Community — Season 2
    Community's second season improves so dramatically on the first that it's hard to believe the show was already, pound for pound, the funniest series currently on air. While it lacks the depth and ingenuity of Louie, Community achieves such a rapid-fire rate of jokes that it rises over the current crop of excellent television to be one of the finest shows around. Balancing old-school sitcom narrative style (self-contained episodes of ludicrous adventures) with modern TV storytelling (long arcs of both character and narrative), Community often gets away with having its cake and eating it too. It offers episodes so outlandish that the show often breaks even the loosest connection to reality, yet somehow the show manages to consolidate even something as possibility-shattering as a zombie outbreak into the core story of the study group septet of varying ages and backgrounds that resembles more and more the most touching family on-screen as time goes by.

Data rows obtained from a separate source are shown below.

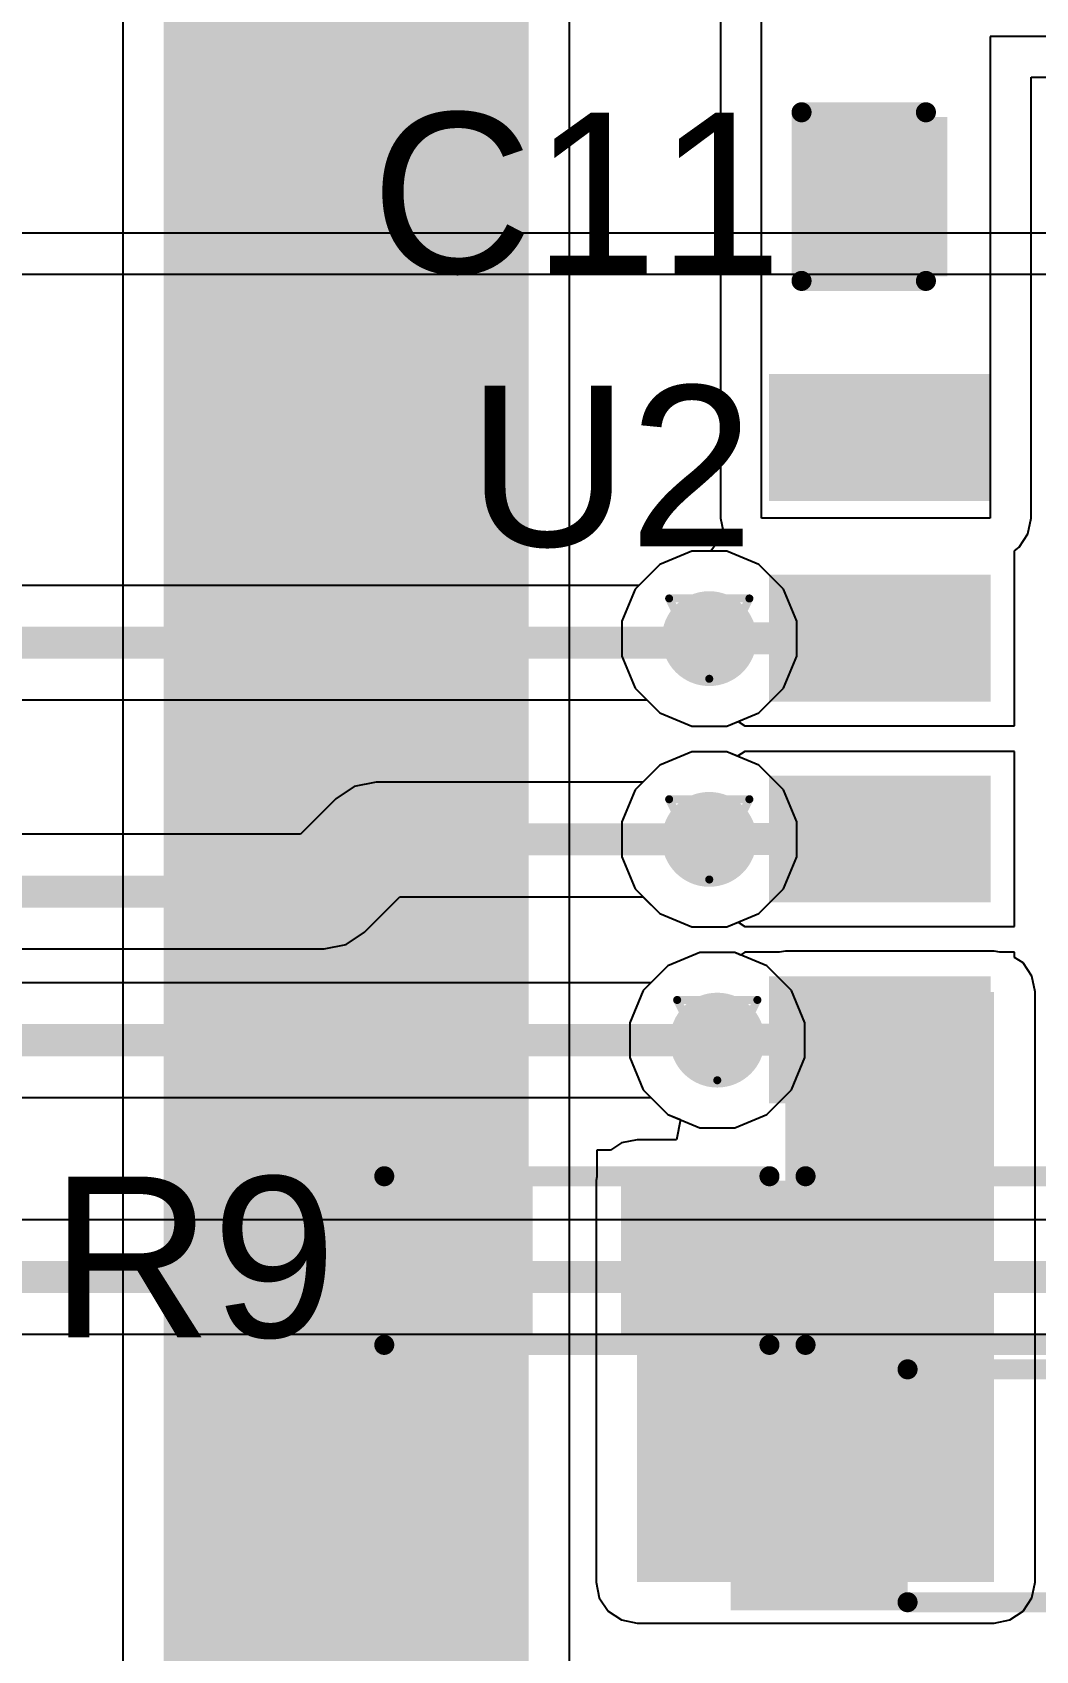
# Model space of a CAD drawing. Header units: inches. Extents: x -89 to 427, y -87 to 99.
# Drawn here: x -20.87 to -14.52, y -53.44 to -43.21 of the extents above; entities that cross this region are included whole.
import ezdxf

# ---------------------------------------------------------------- set-up
doc = ezdxf.new("R2010")
doc.units = ezdxf.units.IN
for name, color, linetype in [('Board_Outline', 56, 'Continuous'), ('Bottom Layer', 5, 'Continuous'), ('Drill Drawing', 1, 'Continuous'), ('Top Layer', 1, 'Continuous'), ('Top Overlay', 2, 'Continuous'), ('Top Paste', 8, 'Continuous'), ('Top Solder', 216, 'Continuous'), ('Via Holes', 16, 'Continuous')]:
    doc.layers.add(name, color=color, linetype=linetype)
doc.styles.add('Arial', font='', dxfattribs={"height": 0.2})
doc.styles.get('Arial').set_extended_font_data('Arial')

msp = doc.modelspace()

# ---------------------------------------------------------------- hatches: boundary and pattern name
at = {"layer": 'Bottom Layer'}
h = msp.add_hatch(color=5, dxfattribs=at)
edge = h.paths.add_edge_path()
edge.add_arc((-16.5862, -47.0408), 0.2999994, 0, 360)
h = msp.add_hatch(color=5, dxfattribs=at)
edge = h.paths.add_edge_path()
edge.add_arc((-16.5862, -48.31079999999999), 0.2999994, 0, 360)
h = msp.add_hatch(color=5, dxfattribs=at)
edge = h.paths.add_edge_path()
edge.add_arc((-16.5354, -49.5808), 0.2999994, 0, 360)
at = {"layer": 'Top Layer'}
for points in [[(-20.0406, -57.04839999999999), (-17.7292, -57.04839999999999), (-17.7292, -38.78579999999999), (-20.0406, -38.78579999999999)], [(-15.9004, -44.68889969999999), (-15.9004, -43.7998997), (-15.1384, -43.7998997), (-15.1384, -44.68889969999999)], [(-14.90690059, -46.06839909999999), (-16.10690073, -46.06839909999999), (-16.10690073, -45.4684003), (-14.90690059, -45.4684003)], [(-14.90690059, -47.3383991), (-16.10690073, -47.3383991), (-16.10690073, -46.7384003), (-14.90690059, -46.7384003)], [(-14.90690059, -48.6083991), (-16.10690073, -48.6083991), (-16.10690073, -48.0084003), (-14.90690059, -48.0084003)], [(-14.90690059, -49.8783991), (-16.10690073, -49.8783991), (-16.10690073, -49.2784003), (-14.90690059, -49.2784003)], [(-16.1036, -53.0098), (-14.7828, -53.0098), (-14.7828, -49.276), (-16.1036, -49.276)], [(-17.0434, -53.0098), (-14.7828, -53.0098), (-14.7828, -50.4698), (-17.0434, -50.4698)], [(-17.8054, -50.5308997), (-17.8054, -51.41989969999999), (-18.5674, -51.41989969999999), (-18.5674, -50.5308997)], [(-16.2814, -50.5308997), (-16.2814, -51.41989969999999), (-17.0434, -51.41989969999999), (-17.0434, -50.5308997)], [(-15.9004, -51.41989969999999), (-15.9004, -50.5308997), (-15.1384, -50.5308997), (-15.1384, -51.41989969999999)], [(-15.0924006, -52.7001994), (-15.6923994, -52.7001994), (-15.6923994, -52.10020059999999), (-15.0924006, -52.10020059999999)]]:
    msp.add_hatch(color=1, dxfattribs=at).paths.add_polyline_path(points)
h = msp.add_hatch(color=1, dxfattribs=at)
edge = h.paths.add_edge_path()
edge.add_arc((-16.5862, -47.0408), 0.2999994, 0, 360)
h = msp.add_hatch(color=1, dxfattribs=at)
edge = h.paths.add_edge_path()
edge.add_arc((-16.5862, -48.31079999999999), 0.2999994, 0, 360)
h = msp.add_hatch(color=1, dxfattribs=at)
edge = h.paths.add_edge_path()
edge.add_arc((-16.5354, -49.5808), 0.2999994, 0, 360)
at = {"layer": 'Top Overlay'}
for points in [[(-15.33084056, -51.6128), (-16.45059956, -51.6128), (-16.45059956, -52.0192), (-15.33084056, -52.0192)], [(-15.76479956, -51.9938), (-16.45059956, -51.9938), (-16.45059956, -52.8574), (-15.76479956, -52.8574)], [(-15.33084056, -52.78119999999999), (-16.45059956, -52.78119999999999), (-16.45059956, -53.1876), (-15.33084056, -53.1876)]]:
    msp.add_hatch(color=2, dxfattribs=at).paths.add_polyline_path(points)
at = {"layer": 'Top Paste'}
for points in [[(-15.9004, -44.68889969999999), (-15.9004, -43.7998997), (-15.1384, -43.7998997), (-15.1384, -44.68889969999999)], [(-14.90690059, -46.06839909999999), (-16.10690073, -46.06839909999999), (-16.10690073, -45.4684003), (-14.90690059, -45.4684003)], [(-14.90690059, -47.3383991), (-16.10690073, -47.3383991), (-16.10690073, -46.7384003), (-14.90690059, -46.7384003)], [(-14.90690059, -48.6083991), (-16.10690073, -48.6083991), (-16.10690073, -48.0084003), (-14.90690059, -48.0084003)], [(-14.90690059, -49.8783991), (-16.10690073, -49.8783991), (-16.10690073, -49.2784003), (-14.90690059, -49.2784003)], [(-17.8054, -50.5308997), (-17.8054, -51.41989969999999), (-18.5674, -51.41989969999999), (-18.5674, -50.5308997)], [(-16.2814, -50.5308997), (-16.2814, -51.41989969999999), (-17.0434, -51.41989969999999), (-17.0434, -50.5308997)], [(-15.9004, -51.41989969999999), (-15.9004, -50.5308997), (-15.1384, -50.5308997), (-15.1384, -51.41989969999999)], [(-15.0924006, -52.7001994), (-15.6923994, -52.7001994), (-15.6923994, -52.10020059999999), (-15.0924006, -52.10020059999999)]]:
    msp.add_hatch(color=8, dxfattribs=at).paths.add_polyline_path(points)
at = {"layer": 'Top Solder'}
for points in [[(-15.96039988, -44.74889958), (-15.96039988, -43.73989982), (-15.07840012, -43.73989982), (-15.07840012, -44.74889958)], [(-14.80530059, -46.1699991), (-16.20850073, -46.1699991), (-16.20850073, -45.36680029999999), (-14.80530059, -45.36680029999999)], [(-14.80530059, -47.43999909999999), (-16.20850073, -47.43999909999999), (-16.20850073, -46.6368003), (-14.80530059, -46.6368003)], [(-14.80530059, -48.7099991), (-16.20850073, -48.7099991), (-16.20850073, -47.9068003), (-14.80530059, -47.9068003)], [(-14.80530059, -49.9799991), (-16.20850073, -49.9799991), (-16.20850073, -49.1768003), (-14.80530059, -49.1768003)], [(-17.7038, -50.42929969999999), (-17.7038, -51.52149969999999), (-18.669, -51.52149969999999), (-18.669, -50.42929969999999)], [(-16.1798, -50.42929969999999), (-16.1798, -51.52149969999999), (-17.145, -51.52149969999999), (-17.145, -50.42929969999999)], [(-16.002, -51.52149969999999), (-16.002, -50.42929969999999), (-15.0368, -50.42929969999999), (-15.0368, -51.52149969999999)], [(-14.9908006, -52.80179939999999), (-15.7939994, -52.80179939999999), (-15.7939994, -51.9986006), (-14.9908006, -51.9986006)]]:
    msp.add_hatch(color=216, dxfattribs=at).paths.add_polyline_path(points)
at = {"layer": 'Via Holes'}
h = msp.add_hatch(color=7, dxfattribs=at)
edge = h.paths.add_edge_path()
edge.add_arc((-16.5862, -47.0408), 0.1499997, 0, 360)
h = msp.add_hatch(color=7, dxfattribs=at)
edge = h.paths.add_edge_path()
edge.add_arc((-16.5862, -48.31079999999999), 0.1499997, 0, 360)
h = msp.add_hatch(color=7, dxfattribs=at)
edge = h.paths.add_edge_path()
edge.add_arc((-16.5354, -49.5808), 0.1499997, 0, 360)

# ---------------------------------------------------------------- linework, layer by layer
at = {"layer": 'Board_Outline'}
msp.add_lwpolyline([(87.3125, 0, 0.254, 0.254, 1), (-87.3125, 0, 0.254, 0.254, 1)], format="xyseb", close=True, dxfattribs=at)
at = {"layer": 'Bottom Layer'}
for p, q in [((-13.82414304, -44.47539999999999), (-40.71112508, -44.47539999999999)), ((-40.71112254, -44.73437585999999), (-13.82414304, -44.73437585999999)), ((-16.90001446, -46.57114129999999), (-17.03250594, -46.70363277999999)), ((-16.6963979, -46.4868006), (-16.90001446, -46.57114129999999)), ((-16.4760021, -46.4868006), (-16.6963979, -46.4868006)), ((-16.27238554, -46.57114129999999), (-16.4760021, -46.4868006)), ((-16.1165413, -46.72698554), (-16.27238554, -46.57114129999999)), ((-17.03250594, -46.70363277999999), (-22.03269406, -46.70363277999999)), ((-16.0322006, -46.9306021), (-16.1165413, -46.72698554)), ((-16.0322006, -47.15099789999999), (-16.0322006, -46.9306021)), ((-16.1165413, -47.35461445999999), (-16.0322006, -47.15099789999999)), ((-16.27238554, -47.5104587), (-16.1165413, -47.35461445999999)), ((-22.03269406, -47.42876722), (-16.98170594, -47.42876722)), ((-16.98170594, -47.42876722), (-16.90001446, -47.5104587)), ((-16.90001446, -47.5104587), (-16.6963979, -47.59479939999999)), ((-16.6963979, -47.59479939999999), (-16.4760021, -47.59479939999999)), ((-16.4760021, -47.59479939999999), (-16.27238554, -47.5104587)), ((-16.6963979, -47.7568006), (-16.90001446, -47.8411413)), ((-16.4760021, -47.7568006), (-16.6963979, -47.7568006)), ((-16.27238554, -47.8411413), (-16.4760021, -47.7568006)), ((-16.90001446, -47.8411413), (-17.00710594, -47.94823278)), ((-16.1165413, -47.99698554), (-16.27238554, -47.8411413)), ((-18.8331475, -47.97583242), (-18.9507749, -48.0544251)), ((-18.6944, -47.94823024), (-18.8331475, -47.97583242)), ((-18.6943873, -47.94823278), (-18.6944, -47.94823024)), ((-17.00710594, -47.94823278), (-18.6943873, -47.94823278)), ((-16.0322006, -48.2006021), (-16.1165413, -47.99698554)), ((-18.95077998, -48.05443272), (-19.17478258, -48.27843278)), ((-18.9507749, -48.0544251), (-18.95077998, -48.05443272)), ((-16.0322006, -48.4209979), (-16.0322006, -48.2006021)), ((-19.17478258, -48.27843278), (-22.03269406, -48.27843278)), ((-16.1165413, -48.62461446), (-16.0322006, -48.4209979)), ((-16.27238554, -48.7804587), (-16.1165413, -48.62461446)), ((-18.7682251, -48.8973749), (-18.54421996, -48.67336722)), ((-18.54421996, -48.67336722), (-17.00710594, -48.67336722)), ((-17.00710594, -48.67336722), (-16.90001446, -48.7804587)), ((-16.90001446, -48.7804587), (-16.6963979, -48.8647994)), ((-16.4760021, -48.8647994), (-16.27238554, -48.7804587)), ((-18.8858525, -48.97596758), (-18.7682251, -48.8973749)), ((-16.6963979, -48.8647994), (-16.4760021, -48.8647994)), ((-22.03269406, -49.00356722), (-19.0246127, -49.00356722)), ((-19.0246127, -49.00356722), (-19.0246, -49.00356976)), ((-19.0246, -49.00356976), (-18.8858525, -48.97596758)), ((-16.6455979, -49.02680059999999), (-16.84921446, -49.1111413)), ((-16.4252021, -49.02680059999999), (-16.6455979, -49.02680059999999)), ((-16.22158554, -49.1111413), (-16.4252021, -49.02680059999999)), ((-16.84921446, -49.1111413), (-16.95630594, -49.21823278)), ((-16.0657413, -49.26698553999999), (-16.22158554, -49.1111413)), ((-16.95630594, -49.21823278), (-22.08142396, -49.21823278)), ((-15.9814006, -49.47060209999999), (-16.0657413, -49.26698553999999)), ((-15.9814006, -49.6909979), (-15.9814006, -49.47060209999999)), ((-16.0657413, -49.89461446), (-15.9814006, -49.6909979)), ((-39.5732, -49.94336722), (-16.95630594, -49.94336722)), ((-16.95630594, -49.94336722), (-16.84921446, -50.05045869999999)), ((-16.22158554, -50.05045869999999), (-16.0657413, -49.89461446)), ((-16.84921446, -50.05045869999999), (-16.6455979, -50.1347994)), ((-16.4252021, -50.1347994), (-16.22158554, -50.05045869999999)), ((-16.6455979, -50.1347994), (-16.4252021, -50.1347994)), ((-8.96398258, -50.71683278), (-23.60749406, -50.71683278)), ((-23.60749406, -51.44196722), (-8.8138127, -51.44196722))]:
    msp.add_line(p, q, dxfattribs=at)
for points in [[(-22.4536, -47.06619999999999, 0.2032, 0.2032, 0), (-16.6116, -47.06619999999999, 0.2032, 0.2032, 0)], [(-16.6116, -47.06619999999999, 0.2032, 0.2032, 0), (-16.5862, -47.0408, 0.2032, 0.2032, 0)], [(-19.0246, -48.641, 0.2032, 0.2032, 0), (-18.6944, -48.31079999999999, 0.2032, 0.2032, 0)], [(-18.6944, -48.31079999999999, 0.2032, 0.2032, 0), (-16.5862, -48.31079999999999, 0.2032, 0.2032, 0)], [(-22.4536, -48.641, 0.2032, 0.2032, 0), (-19.0246, -48.641, 0.2032, 0.2032, 0)], [(-39.5732, -49.5808, 0.2032, 0.2032, 0), (-16.5354, -49.5808, 0.2032, 0.2032, 0)], [(-24.0284, -51.0794, 0.2032, 0.2032, 0), (-8.813799999999999, -51.0794, 0.2032, 0.2032, 0)]]:
    msp.add_lwpolyline(points, format="xyseb", dxfattribs=at)
for points in [[(-16.6624, -47.06619999999999, 0.1016, 0.1016, 1), (-16.5608, -47.06619999999999, 0.1016, 0.1016, 1)], [(-16.6624, -47.06619999999999, 0.1016, 0.1016, 1), (-16.5608, -47.06619999999999, 0.1016, 0.1016, 1)], [(-16.637, -47.0408, 0.1016, 0.1016, 1), (-16.5354, -47.0408, 0.1016, 0.1016, 1)], [(-18.7452, -48.31079999999999, 0.1016, 0.1016, 1), (-18.6436, -48.31079999999999, 0.1016, 0.1016, 1)], [(-18.7452, -48.31079999999999, 0.1016, 0.1016, 1), (-18.6436, -48.31079999999999, 0.1016, 0.1016, 1)], [(-16.637, -48.31079999999999, 0.1016, 0.1016, 1), (-16.5354, -48.31079999999999, 0.1016, 0.1016, 1)], [(-19.0754, -48.641, 0.1016, 0.1016, 1), (-18.9738, -48.641, 0.1016, 0.1016, 1)], [(-19.0754, -48.641, 0.1016, 0.1016, 1), (-18.9738, -48.641, 0.1016, 0.1016, 1)], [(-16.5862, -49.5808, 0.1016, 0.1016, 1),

    The previous season ended on an emotional cliffhanger not unlike the second season finale of the American version of The Office.  A confession of love, a physical expression of another kind and various subplots resolved and opened new paths to be explored upon the show's return. From the moment Dan Harmon and his crew get back, they not only follow up on these stories but give unexpected spins on plots headed seemingly in the opposite direction. Where the series got off to a slow start with its first few episodes, the second season wastes no time assessing where it stands, where it needs to go and how it can get there in the strangest, most unorthodox way possible.


    Given the alternately episodic and overarching progression of the show, discussion of Community necessarily falls to a focus on standout episodes even as that does not give an adequate overview of the show's more long-term strengths. Besides, it's an invitation to folly, as to talk about every episode of quality would force one to spend some time on each individual entry of this fantastic season, for even its isolated moments of weakness have enough jokes and/or development to make them worth several watches.

    But let's talk about some of the finer moments for a sec. After two joke-heavy openers that reestablish this world of madcap humor and poke fun at the existing character relations, "The Psychology of Letting Go" moves away from filling in contextualizing blanks in the characters' stories to truly moving them forward. The death of Pierce's (Chevy Chase) mother prompts change, ironically, in several characters except Pierce, whose piety to a silly cult becomes deeply felt as a coping mechanism as the cynicism of some others sparks internal debates between showing Pierce the painful truth and respecting his means of self-comfort. Capturing the show's ability to turn between emotion and goofiness on a dime is an eerie yet sweet deathbed message recorded by Pierce's mom that ends with a punchline out of left field that turns a choked sob into a barked laugh, and Pierce's own reaction stands perfectly between sadness and comic oblivion.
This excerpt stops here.